姐姐呆滞的眼神渐渐有了一丝变化,不再是空洞,而是一种懵懂、无知,像是刚出生的幼犬。
她眨了眨眼,好奇地打量着四周,然后爬到李建国的脚边,用自己的脸颊亲昵地蹭着他的裤腿,喉咙里出“咕噜咕噜”的声音。
李建国看着她的目光,已经完全不是在看一个人,而是在看一件新奇的、昂贵的宠物。
从此,我的姐姐,林晚,就在这座金丝笼般的别墅里,被当作一条宠物犬圈养了起来。
白天,李建国在书房处理公务,姐姐就变成一只温顺的“宠物”,匍匐在他的办公桌下,用她的小嘴,不知疲倦地侍奉着主人的肉棒。
晚上,工作结束,她会得到短暂的休息,然后像真正的宠物一样,匍匐在主人的脚下,虔诚地舔舐着他的脚趾。
闲暇之余,李建国会给她戴上镶满钻石的项圈,牵着狗链,在自己那广阔的私人庄园里“遛弯”。
时间是最无情的刻刀,能将沧海雕琢成桑田,也能将一个人的信念磨成齑粉。
姐姐失踪后的第一年,我活得像个行尸走肉。
我疯狂地学习,将自己所有的精力都投入到代码和数据的世界里。
我不再是那个有些孤僻的天才大学生,我变成了一头在网络世界里横冲直撞的野兽,一个代号为“morpheus”(墨菲斯)的顶级黑客。

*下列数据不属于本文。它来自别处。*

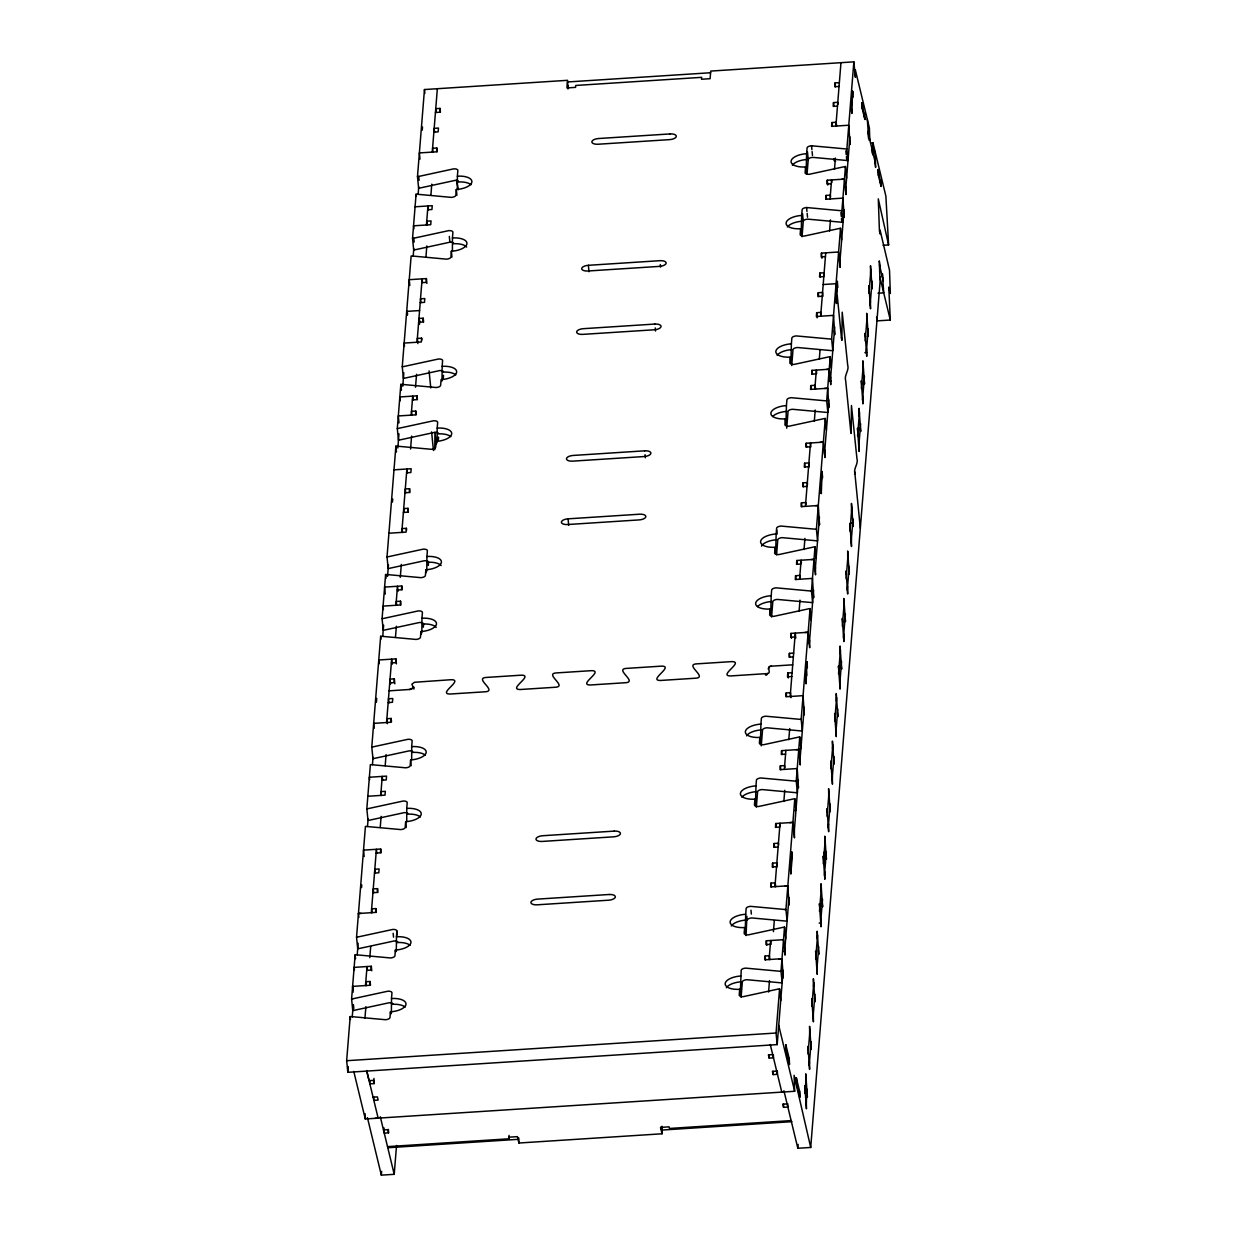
<?xml version="1.0" encoding="UTF-8"?>
<svg xmlns="http://www.w3.org/2000/svg" width="1237" height="1237" viewBox="0 0 1237 1237"><rect width="100%" height="100%" fill="white"/><g stroke="black" fill="none" stroke-linecap="round" stroke-linejoin="round"><path stroke-width="1.5" d="M434.775 449.742L434.96 432.378L436.352 444.176M860.333 528.276L854.968 474.173C853.066 468.313 858.803 463.952 856.885 458.107L851.458 405.504L851.149 433.476L850.84 432.378L845.706 380.872C843.804 375.012 849.556 370.636 847.639 364.776L842.211 312.172L841.887 340.144L841.438 337.747M792.159 857.782L791.649 851.659L790.83 873.941L792.159 857.782L791.587 851.984M805.55 677.69L806.06 683.798L806.988 661.687L805.55 677.69L806.122 683.489M820.78 487.548L821.291 493.656L822.11 471.374L820.78 487.548L821.353 493.331M836.011 297.406L836.521 303.513L837.341 281.232L836.011 297.406L836.583 303.189M851.242 107.263L851.767 113.371L852.633 91.105L851.242 107.263L851.829 113.046M783.145 970.287L777.192 1044.6L347.813 1072.309L346.654 1060.712L350.195 1016.598A4.314 1.871 -5.6 0 1 351.401 1016.613L385.542 1019.721A4.314 1.886 -5.7 0 0 389.98 1017.541L390.444 1011.835A15.091 6.587 -5.7 0 0 405.999 1004.212A15.091 6.587 -5.7 0 0 391.51 998.522L391.959 992.832A4.314 1.886 -5.7 0 0 387.83 991.208L352.839 998.785M353.998 1010.382A4.314 1.902 -5.6 0 1 352.746 1010.536L351.602 998.939L355.143 954.825A4.314 1.917 -5.7 0 1 356.38 954.809L390.49 957.964A4.314 1.886 -5.7 0 0 394.928 955.784L395.392 950.078A15.091 6.587 -5.7 0 0 410.947 942.455A15.091 6.587 -5.7 0 0 396.458 936.765L396.907 931.059A4.314 1.886 -5.6 0 0 392.778 929.435L357.787 937.012A4.314 1.902 -5.6 0 1 356.55 937.182L357.709 948.764A4.314 1.84 -5.8 0 0 358.916 948.563L393.923 941.017A4.314 1.886 -5.7 0 1 397.819 941.96M356.55 937.182L365.425 826.455A4.314 1.871 -5.6 0 1 366.631 826.486L400.773 829.579A4.314 1.886 -5.7 0 0 405.21 827.398L405.674 821.693A15.091 6.587 -5.7 0 0 421.229 814.07A15.091 6.587 -5.7 0 0 406.741 808.395L407.205 802.689A4.314 1.886 -5.7 0 0 403.061 801.05L368.069 808.642A4.314 1.902 -5.6 0 1 366.832 808.812L367.992 820.394A4.314 1.902 -5.6 0 0 369.229 820.239L404.205 812.647A4.314 1.886 -5.7 0 1 407.731 813.266M366.832 808.797L370.373 764.682A4.314 1.871 -5.6 0 1 371.595 764.698L405.721 767.806A4.314 1.886 -5.7 0 0 410.174 765.641L410.622 759.935A15.091 6.587 -5.7 0 0 426.193 752.312A15.091 6.587 -5.7 0 0 411.689 746.622L412.153 740.917A4.314 1.886 -5.7 0 0 408.009 739.293L373.017 746.87A4.314 1.871 -5.7 0 1 371.796 747.024L372.94 758.621A4.314 1.871 -5.7 0 0 374.162 758.451L409.153 750.874A4.314 1.886 -5.7 0 1 412.679 751.508M371.78 747.04L380.656 636.313A4.314 1.886 -5.7 0 1 381.877 636.313L416.003 639.436A4.314 1.886 -5.7 0 0 420.456 637.256L420.905 631.55A15.091 6.587 -5.7 0 0 436.475 623.927A15.091 6.587 -5.7 0 0 421.972 618.237L422.435 612.531A4.314 1.886 -5.7 0 0 418.292 610.908L383.3 618.5A4.314 1.886 -5.6 0 1 382.078 618.655L383.223 630.236A4.314 1.871 -5.7 0 0 384.444 630.081L419.436 622.505A4.314 1.886 -5.7 0 1 423.58 624.128L423.332 627.221M382.078 618.655L385.604 574.54A4.314 1.886 -5.7 0 1 386.825 574.54L420.951 577.664A4.314 1.886 -5.7 0 0 425.404 575.483L425.853 569.778A15.091 6.587 -5.7 0 0 441.423 562.155A15.091 6.587 -5.7 0 0 426.92 556.48L427.383 550.774A4.314 1.886 -5.7 0 0 423.24 549.151L388.263 556.727A4.314 1.886 -5.6 0 1 387.026 556.897L388.171 568.479A4.314 1.886 -5.6 0 0 389.408 568.324L424.384 560.732A4.314 1.886 -5.7 0 1 428.528 562.356L428.28 565.448M387.026 556.882L395.886 446.17A4.314 1.871 -5.6 0 1 397.108 446.17L431.234 449.294A4.314 1.886 -5.7 0 0 435.687 447.114L436.135 441.408A15.091 6.587 -5.7 0 0 451.706 433.785A15.091 6.587 -5.7 0 0 437.202 428.095L437.666 422.389A4.314 1.886 -5.6 0 0 433.522 420.766L398.546 428.358A4.314 1.886 -5.6 0 1 397.309 428.512L398.453 440.094A4.314 1.886 -5.6 0 0 399.69 439.955L434.666 432.362A4.314 1.886 -5.7 0 1 438.563 433.306M397.309 428.512L400.834 384.398A4.314 1.886 -5.7 0 1 402.056 384.398L436.182 387.521A4.314 1.886 -5.7 0 0 440.635 385.341L441.083 379.635A15.091 6.587 -5.7 0 0 456.654 372.012A15.091 6.587 -5.7 0 0 442.15 366.338L442.614 360.632A4.314 1.886 -5.7 0 0 438.47 359.008L403.494 366.585A4.314 1.871 -5.7 0 1 402.257 366.74L403.401 378.336A4.314 1.902 -5.6 0 0 404.654 378.182L439.614 370.59A4.314 1.886 -5.7 0 1 443.511 371.533M402.257 366.74L411.132 256.013A4.314 1.886 -5.7 0 1 412.354 256.013L446.48 259.151A4.314 1.886 -5.7 0 0 450.917 256.971L451.381 251.266A15.091 6.587 -5.7 0 0 466.937 243.643A15.091 6.587 -5.7 0 0 452.448 237.952L452.897 232.247A4.314 1.886 -5.7 0 0 448.753 230.623L413.776 238.215A4.314 1.886 -5.7 0 1 412.539 238.37L413.684 249.951A4.314 1.886 -5.7 0 0 414.921 249.797L449.912 242.205A4.314 1.886 -5.7 0 1 453.438 242.839M412.539 238.37L416.08 194.255A4.314 1.886 -5.7 0 1 417.302 194.255L451.428 197.379A4.314 1.886 -5.7 0 0 455.865 195.199L456.329 189.493A15.091 6.587 -5.7 0 0 471.885 181.87A15.091 6.587 -5.7 0 0 457.396 176.18L457.845 170.49A4.314 1.886 -5.7 0 0 453.701 168.85L418.724 176.443A4.314 1.886 -5.7 0 1 417.487 176.597L418.632 188.194A4.314 1.886 -5.7 0 0 419.869 188.024L454.86 180.447A4.314 1.886 -5.7 0 1 458.386 181.066M417.487 176.597L424.461 89.543L567.597 80.312L566.979 87.92L575.576 87.363L575.715 85.461L701.673 77.343L701.518 79.245L710.115 78.689L710.718 71.081L853.855 61.85L855.385 77.297L855.324 69.844L869.379 127.952L869.812 139.936A4.314 1.608 -2 0 1 868.869 139.967M361.56 887.609L361.776 884.965M376.419 702.214L376.728 698.348M392.454 502.036L392.732 499.068M407.421 315.188L407.576 313.208M422.25 130.194L422.497 127.024M347.813 1072.309L348.262 1066.557M352.236 1017L353.148 1005.588M357.215 954.809L358.142 943.305M367.497 826.44L368.1 819.049M372.445 764.667L373.048 757.26M382.743 636.297L383.625 625.195M387.537 576.365L388.464 564.83M397.819 448.01L398.963 433.816M402.767 386.222L403.834 372.863M413.204 256.013L413.792 248.606M418.152 194.224L418.74 186.818M365.487 985.564L367.018 966.545L367.404 970.411M371.332 912.674L376.404 849.293L376.79 853.159M380.733 795.422L382.248 776.403L382.635 780.269M386.562 722.532L391.65 659.151L392.16 664.3M395.964 605.28L397.479 586.261L397.989 591.41M401.793 532.389L406.88 469.009L407.267 472.874M411.194 415.137L412.71 396.118L413.096 399.984M417.039 342.247L422.111 278.866L422.435 282.175M426.425 224.979L427.956 205.976L428.327 209.842M432.27 152.105L437.341 88.724M419.513 324.264L419.791 320.739M364.961 1018.066L365.874 1006.655M369.801 957.67L370.698 946.568M380.238 827.46L381.12 816.358M385.186 765.688L386.068 754.57M395.469 637.318L396.366 626.216M400.278 577.385L401.314 564.428M410.56 449.031L411.596 436.073M415.508 387.243L416.544 374.285M425.93 257.033L426.827 245.931M430.893 195.245L431.775 184.143M366.183 985.626L365.796 981.761L370.095 981.482L369.786 985.286L352.607 986.399L352.993 990.249M354.385 969.947L354.138 967.38L371.316 966.267L371.007 970.071L366.709 970.349M372.012 912.736L371.641 908.87L375.924 908.592L375.631 912.396L358.452 913.509L358.838 917.375M373.62 892.774L373.234 888.908L377.532 888.63L377.223 892.434L372.925 892.712M364.173 856.561L363.523 850.128L380.702 849.015L380.393 852.819L376.11 853.097M387.367 723.691L386.872 718.728L391.17 718.45L390.861 722.253L373.682 723.367L374.177 728.33M390.536 684.076L390.042 679.113L394.34 678.835L394.031 682.638L389.732 682.917M379.14 663.836L378.754 659.986L395.933 658.873L395.639 662.676L391.34 662.955M396.644 605.341L396.257 601.476L400.556 601.197L400.247 605.001L383.083 606.099L383.424 609.532M385.295 594.038L384.599 587.096L401.778 585.982L401.468 589.786L397.185 590.064M402.489 532.451L402.102 528.586L406.401 528.307L406.092 532.111L388.913 533.224M404.082 512.474L403.71 508.623L407.994 508.345L407.7 512.149L403.401 512.427M405.659 492.836L405.272 488.971L409.571 488.692L409.261 492.496L404.978 492.774M411.875 415.184L411.504 411.333L415.787 411.055L415.493 414.859L398.314 415.957L398.994 422.915M400.216 400.803L399.829 396.953L417.008 395.84L416.699 399.644L412.416 399.922M417.843 343.592L417.333 338.443L421.631 338.165L421.322 341.969L404.159 343.066L404.484 346.391M419.328 322.331L418.941 318.481L423.224 318.203L422.93 322.007L418.632 322.269M409.803 285.484L409.231 279.686L426.409 278.588L426.1 282.392L421.802 282.67M432.95 152.151L432.579 148.301L436.862 148.023L436.568 151.826L419.389 152.924L419.992 159.109M436.027 111.577L435.749 108.686L440.032 108.408L439.738 112.211L435.439 112.49M391.371 1013.196L391.51 998.537M396.319 951.423L396.458 936.765M406.726 821.569L406.741 808.379M411.674 759.812L411.689 746.622M421.832 632.911L421.972 618.237M426.78 571.138L426.92 556.48M437.078 442.769L437.202 428.095M442.026 380.996L442.15 366.338M452.417 251.142L452.448 237.952M457.365 189.369L457.396 176.18M438.315 440.156L438.563 437.063M443.263 378.398L443.511 375.306M396.536 1145.477L394.216 1174.315L381.336 1175.15L381.645 1171.3M791.896 1121.665L661.656 1130.077L661.95 1126.273M780.733 1000.486L779.573 988.904A4.314 1.917 -5.6 0 0 778.32 989.028L743.36 996.635A4.314 1.886 -5.6 0 1 739.216 995.012L739.68 989.306L740.252 995.105L741.195 970.303A4.314 1.886 -5.7 0 1 745.648 968.123L779.774 971.246A4.314 1.886 -5.7 0 0 780.995 971.261L782.14 982.827A4.299 1.871 -5.6 0 1 780.934 982.812L746.792 979.704A4.314 1.886 -5.7 0 0 742.339 981.884L741.102 997.331M784.722 909.473L750.596 906.35A4.314 1.886 -5.7 0 0 746.143 908.53L745.695 914.236A15.091 6.587 -5.7 0 0 730.124 921.859A15.091 6.587 -5.7 0 0 744.628 927.549L744.164 933.255A4.314 1.886 -5.7 0 0 748.308 934.878L783.284 927.286A4.314 1.855 -5.7 0 1 784.521 927.147L785.681 938.713M756.348 807.189L757.585 791.742A4.314 1.886 -5.7 0 1 762.023 789.562L796.149 792.685A4.299 1.871 -5.6 0 0 797.37 792.685L796.226 781.104A4.314 1.871 -5.6 0 1 795.004 781.088L760.879 777.98A4.314 1.886 -5.7 0 0 756.425 780.16L755.977 785.866A15.091 6.587 -5.7 0 0 740.406 793.489A15.091 6.587 -5.7 0 0 754.91 799.164L754.446 804.87A4.314 1.886 -5.7 0 0 758.59 806.493L793.582 798.916A4.314 1.871 -5.7 0 1 794.803 798.762L795.963 810.343A4.314 1.871 -5.7 0 0 794.726 810.513M761.25 745.865L762.533 729.969A4.314 1.886 -5.7 0 1 766.971 727.789L801.097 730.928A4.314 1.886 -5.7 0 0 802.318 730.928L801.174 719.331A4.314 1.886 -5.7 0 1 799.952 719.331L765.827 716.208A4.314 1.886 -5.7 0 0 761.373 718.388L760.925 724.093A15.091 6.587 -5.7 0 0 745.354 731.716A15.091 6.587 -5.7 0 0 759.858 737.407L759.394 743.112A4.314 1.886 -5.7 0 0 763.538 744.736L798.53 737.144A4.314 1.902 -5.6 0 1 799.767 736.974L800.911 748.571A4.314 1.871 -5.7 0 0 799.674 748.741M771.579 617.047L772.816 601.599A4.314 1.886 -5.7 0 1 777.253 599.419L811.379 602.543A4.314 1.886 -5.7 0 0 812.601 602.558L811.457 590.961A4.314 1.886 -5.7 0 1 810.235 590.961L776.109 587.838A4.314 1.886 -5.7 0 0 771.672 590.018L771.208 595.708A15.091 6.587 -5.7 0 0 755.652 603.347A15.091 6.587 -5.7 0 0 770.141 609.021L769.677 614.727A4.314 1.886 -5.6 0 0 773.821 616.351L808.812 608.774A4.314 1.886 -5.6 0 1 810.049 608.604L811.194 620.201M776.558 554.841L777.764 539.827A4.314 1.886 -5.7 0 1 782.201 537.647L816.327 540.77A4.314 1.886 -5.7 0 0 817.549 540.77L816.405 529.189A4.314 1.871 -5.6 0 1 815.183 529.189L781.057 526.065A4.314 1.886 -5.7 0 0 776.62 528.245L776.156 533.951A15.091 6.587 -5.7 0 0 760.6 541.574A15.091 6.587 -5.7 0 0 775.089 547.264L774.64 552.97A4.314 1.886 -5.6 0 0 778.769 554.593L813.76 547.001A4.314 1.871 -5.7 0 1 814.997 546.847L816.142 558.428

我只有一个目标——找到姐姐,找到那个毁了她一生的混蛋。
线索最终还是落在了那个禽兽摄影师张伟身上。
我花了整整一年时间,像剥洋葱一样,一层层地剥开他所有的网络伪装,终于在一个被他废弃多年的加密云盘里,找到了我寻觅已久的地狱拼图——那些记录了姐姐被催眠、被调教、被拍卖的完整视频。
我把自己关在房间里,花了三天三夜,眼睛熬得血红,一帧一帧地看完了所有视频。
我看到了姐姐是如何被注射药物,那张绝美的脸上流露出的痛苦与挣扎,最后归于死寂。
我看到了她是如何被强迫穿上丝袜,被灌输那些屈辱的定义,从一个高贵的人,变成一件待价而沽的物品。
我看到了她是如何在深夜里,跪在地毯上,一边流着泪,一边用自己的手和假阳具,进行着那求生不得求死不能的“家庭作业”。
我看到了她是如何被那个畜生残忍地破处,鲜血染红了床单,也染红了我的双眼。
最后,我看到了那场罪恶的拍卖会。
我看着我的姐姐,像一件商品一样被展示,被估价,被那些匿名的Id用肮脏的欲望来回视奸。